El problema principal de la “Nueva Misa” no es el latín… sino el Sacrificio de la Misa
Un servicio Protestante dicho en latín no deja de ser un servicio Protestante
(Pbro. Dr. Joaquín Sáenz y Arriaga)
Como un niño de diez años lo sabia antiguamente, para cada Sacramento se necesita la propia MATERIA y la propia FORMA. Sólo así es valido el Sacramento. En la Eucaristía, la MATERIA son el pan y el vino; y la FORMA son las palabras de la CONSAGRACIÓN, dichas por el Sacerdote, en nombre y representación de Cristo, con el poder de Cristo, en virtud de las cuales tienen lugar el cúmulo de prodigios, que, en lenguaje católico, se llama la TRANSUBSTANCIACIÓN. En lugar del pan y del vino queda ahí, bajo las especies eucarísticas, el CUERPO, LA SANGRE, EL ALMA Y LA DIVINIDAD DE NUESTRO SEÑOR JESUCRISTO; todo Cristo en todo el pan y todo Cristo en cada parte de ese pan; todo Cristo en todo el vino y todo Cristo en cada gota de ese vino. La FORMA son palabras precisas que indican la especial naturaleza y efecto de cada Sacramento, administrado por una persona cualificada que quiere “hacer lo que la Iglesia hace” en esta administración.
Haciendo una clara distinción entre la fe personal y la moral, por un lado, y la intención, por otro, el CONCILIO DE TRENTO establece, por lo que toca al ministro, que “representando como representa, en esta función sagrada no a su propia persona, sino a la de Cristo, el ministro del sacramento, consiguientemente, sea él bueno o sea malo, válidamente los consagra y confiere, con tal de que USE LA MATERIA Y LA FORMA SIEMPRE USADA EN LA IGLESIA CATOLICA, según la institución de Cristo, y CON LA INTENCION DE HACER LO QUE LA IGLESIA HACE en esta administración”. Catecismo del Concilio de Trento, capitulo primero, Parte II, cuestión XIX.

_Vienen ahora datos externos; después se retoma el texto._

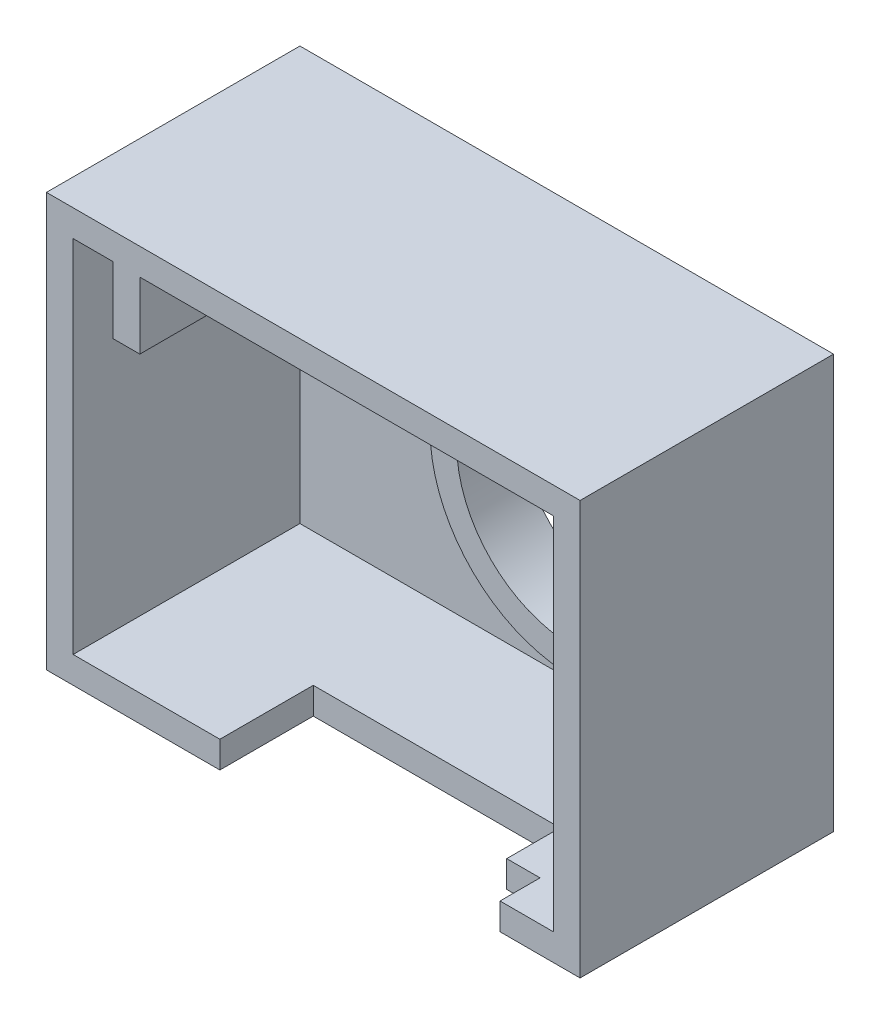
from build123d import *

# Parameters (mm, degrees)
SKETCH1_W                      = 40
SKETCH1_H                      = 31
SKETCH1_R                      = 8.75
BOSS_EXTRUDE1_DEPTH            = 19
SHELL1_T                       = -2
SKETCH2_R                      = 10.75
SKETCH2_R_2                    = 8.75
CUT_EXTRUDE1_DEPTH             = 14.5
SKETCH3_W                      = 2
SKETCH3_H                      = 5
BOSS_EXTRUDE2_DEPTH            = 17
SKETCH8_W                      = 7
SKETCH8_H                      = 7
BOSS_EXTRUDE3_DEPTH            = 3
CBORE_FOR_M3_SHCS1_D           = 3.4
CBORE_FOR_M3_SHCS1_CBORE_D     = 6.5
CBORE_FOR_M3_SHCS1_CBORE_DEPTH = 3
CUT_EXTRUDE3_REACH             = 46.125


with BuildPart() as part:
    # Sketch1 → Boss-Extrude1 (new body)
    with BuildSketch(Plane.XY):
        with Locations((-5, 0)):
            Rectangle(SKETCH1_W, SKETCH1_H)
        Circle(SKETCH1_R, mode=Mode.SUBTRACT)
    extrude(amount=-BOSS_EXTRUDE1_DEPTH)

    # Shell1
    shell1_openings = [part.faces().sort_by_distance(p)[0] for p in [
        (-5, -14.993936763, 0),
    ]]
    offset(amount=SHELL1_T, openings=shell1_openings, kind=Kind.INTERSECTION)

    # Sketch2 → Cut-Extrude1 (cut)
    with BuildSketch(Plane.XY):
        with Locations(Location((0, 0, 0), (0, 0, 180))):
            Circle(SKETCH2_R)
        Circle(SKETCH2_R_2, mode=Mode.SUBTRACT)
    extrude(amount=-CUT_EXTRUDE1_DEPTH, mode=Mode.SUBTRACT)

    # Sketch3 → Boss-Extrude2 (add)
    with BuildSketch(Plane.XY.offset(-17)):
        with Locations((-19, 11)):
            Rectangle(SKETCH3_W, SKETCH3_H)
    extrude(amount=BOSS_EXTRUDE2_DEPTH)

    # Sketch8 → Boss-Extrude3 (add)
    with BuildSketch(Plane.XY.offset(-17)):
        with Locations((-14.5, 10)):
            Rectangle(SKETCH8_W, SKETCH8_H)
    extrude(amount=BOSS_EXTRUDE3_DEPTH)

    # CBORE for M3 SHCS1 (through all)
    with Locations(Plane(origin=(0, 0, -19), x_dir=(-1, 0, 0), z_dir=(0, 0, -1))):
        with Locations((15, 10.5)):
            CounterBoreHole(CBORE_FOR_M3_SHCS1_D / 2, CBORE_FOR_M3_SHCS1_CBORE_D / 2, CBORE_FOR_M3_SHCS1_CBORE_DEPTH)

    # Sketch9 → Cut-Extrude3 (cut, up to next)
    with BuildSketch(Plane.XZ.offset(15.5), mode=Mode.PRIVATE) as cut_extrude3_sk1:
        Polygon((-12, 0), (6.5, 0), (9, 0), (9, -3), (6.5, -3), (6.5, -7), (-12, -7), align=None)
    cut_extrude3_tool1 = extrude(cut_extrude3_sk1.sketch, amount=-CUT_EXTRUDE3_REACH, mode=Mode.PRIVATE) & part.part
    add(cut_extrude3_tool1.solids().sort_by_distance((-2.175182, -15.5, -3.390511))[0], mode=Mode.SUBTRACT)


solid = part.part
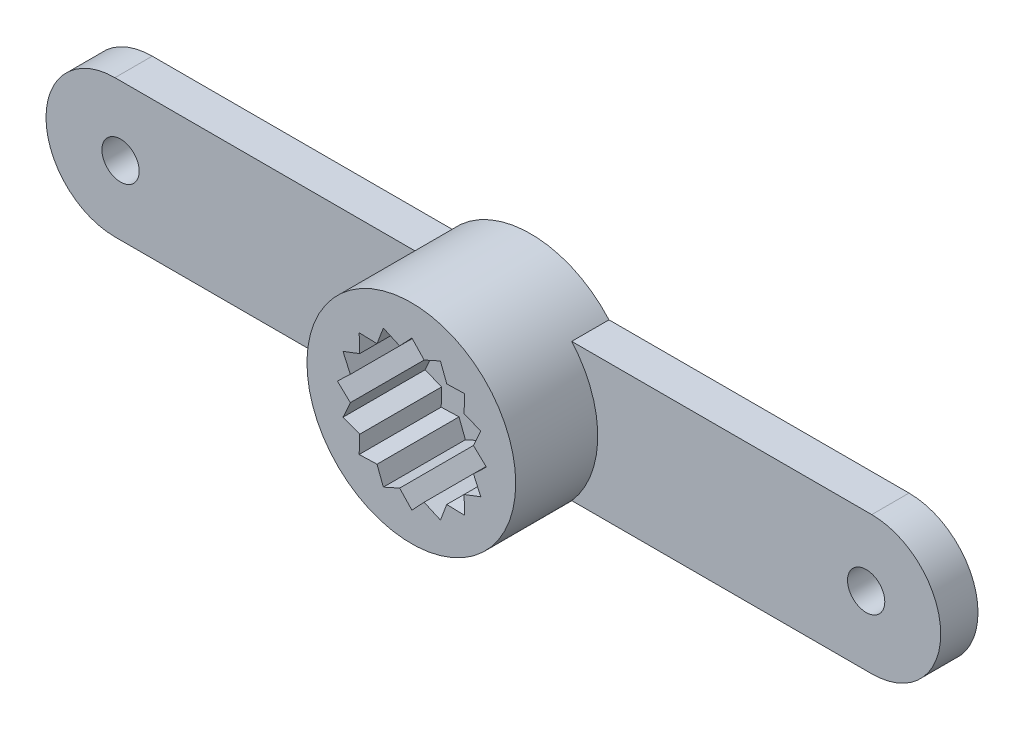
from build123d import *

# Parameters (mm, degrees)
SKETCH1_R           = 2.8
BOSS_EXTRUDE1_DEPTH = 3.2
CUT_EXTRUDE1_DEPTH  = 2.2
SKETCH3_R           = 0.75
CUT_EXTRUDE2_DEPTH  = 1
BOSS_EXTRUDE2_DEPTH = 1
CUT_EXTRUDE3_REACH  = 5.2
SKETCH5_R           = 0.5


with BuildPart() as part:
    # Sketch1 → Boss-Extrude1 (new body)
    with BuildSketch(Plane.XY):
        Circle(SKETCH1_R)
    extrude(amount=BOSS_EXTRUDE1_DEPTH)

    # Sketch2 → Cut-Extrude1 (cut)
    with BuildSketch(Plane.XY.offset(3.2)):
        Polygon((0.014651949, 1.985348051), (-0.313876209, 1.636970634), (-0.750714916, 1.833107116), (-0.920917091, 1.385526068), (-1.399561614, 1.399561614), (-1.385526068, 0.920917091), (-1.833107116, 0.750714916), (-1.636970634, 0.313876209), (-1.985348051, -0.014651949), (-1.636970634, -0.343180107), (-1.833107116, -0.780018813), (-1.385526068, -0.950220989), (-1.399561614, -1.428865511), (-0.920917091, -1.414829965), (-0.750714916, -1.862411014), (-0.313876209, -1.666274532), (0.014651949, -2.014651949), (0.343180107, -1.666274532), (0.780018813, -1.862411014), (0.950220989, -1.414829965), (1.428865511, -1.428865511), (1.414829965, -0.950220989), (1.862411014, -0.780018813), (1.666274532, -0.343180107), (2.014651949, -0.014651949), (1.666274532, 0.313876209), (1.862411014, 0.750714916), (1.414829965, 0.920917091), (1.428865511, 1.399561614), (0.950220989, 1.385526068), (0.780018813, 1.833107116), (0.343180107, 1.636970634), align=None)
    extrude(amount=-CUT_EXTRUDE1_DEPTH, mode=Mode.SUBTRACT)

    # Sketch3 → Cut-Extrude2 (cut)
    with BuildSketch(Plane.XY):
        Circle(SKETCH3_R)
    extrude(amount=CUT_EXTRUDE2_DEPTH, mode=Mode.SUBTRACT)

    # Sketch4 → Boss-Extrude2 (add)
    with BuildSketch(Plane.XY):
        with BuildLine():
            ThreePointArc((10.15, 1.85), (12, 0), (10.15, -1.85))
            Line((10.15, -1.85), (0.75, -1.85))
            Line((0.75, -1.85), (0.75, 1.85))
            Line((0.75, 1.85), (10.15, 1.85))
        make_face()
        with BuildLine():
            Line((-0.75, 1.85), (-10.15, 1.85))
            ThreePointArc((-10.15, 1.85), (-12, 0), (-10.15, -1.85))
            Line((-10.15, -1.85), (-0.75, -1.85))
            Line((-0.75, -1.85), (-0.75, 1.85))
        make_face()
    extrude(amount=BOSS_EXTRUDE2_DEPTH)

    # Sketch5 → Cut-Extrude3 (cut, up to next)
    with BuildSketch(Plane(origin=(0, 0, 0), x_dir=(-1, 0, 0), z_dir=(0, 0, -1)), mode=Mode.PRIVATE) as cut_extrude3_sk1:
        with Locations((10, 0)):
            Circle(SKETCH5_R)
    cut_extrude3_tool1 = extrude(cut_extrude3_sk1.sketch, amount=-CUT_EXTRUDE3_REACH, mode=Mode.PRIVATE) & part.part
    add(cut_extrude3_tool1.solids().sort_by_distance((-10, 0, 0))[0], mode=Mode.SUBTRACT)
    # Sketch5 → Cut-Extrude3 (cut, up to next)
    with BuildSketch(Plane(origin=(0, 0, 0), x_dir=(-1, 0, 0), z_dir=(0, 0, -1)), mode=Mode.PRIVATE) as cut_extrude3_sk2:
        with Locations((-10, 0)):
            Circle(SKETCH5_R)
    cut_extrude3_tool2 = extrude(cut_extrude3_sk2.sketch, amount=-CUT_EXTRUDE3_REACH, mode=Mode.PRIVATE) & part.part
    add(cut_extrude3_tool2.solids().sort_by_distance((10, 0, 0))[0], mode=Mode.SUBTRACT)


solid = part.part

Hasta que vino el Vaticano II, los simples fieles católicos nunca tuvieron necesidad de preocuparse acerca de la intención de sus sacerdotes que ofrecían la Santa Misa, ni del efecto que su intención pudiera tener sobre la validez de sus Misas. Los católicos sabían que, aunque un sacerdote hubiera perdido su fe o su vida moral, su Misa seguiría, sin embargo, siendo el Sacrificio del verdadero Cuerpo y la verdadera Sangre de Jesucristo, mientras ese sacerdote quisiese hacer “lo que hace la Iglesia”. Y NI EL SACERDOTE NI LOS SIMPLES FIELES TUVIERON NUNCA LA DUDA DE QUE LO QUE LA IGLESIA PRETENDE HACER EN LA MISA ES OFRECER EL INCRUENTO SACRIFICIO DEL CUERPO Y DE LA SANGRE DE CRISTO”. En las actuales circunstancias, aún para las personas que defienden la “posible” validez de la “nueva misa” es necesario investigar, no la fe o las virtudes del celebrante, sino si el “ministro presidente,” tiene o no tiene la intención de hacer lo que la iglesia hace o lo que hacen en su “CENA” los protestantes. Recordemos la famosa definición que la “INSTRUCCION GENERAL” nos dio de la “nueva misa” en el n° 7: “La Cena del Señor o Misa es la sagrada reunión o asamblea del pueblo de Dios, reunido bajo la presidencia del sacerdote para celebrar el MEMORIAL DEL SEÑOR”.
CONTINUARÁ...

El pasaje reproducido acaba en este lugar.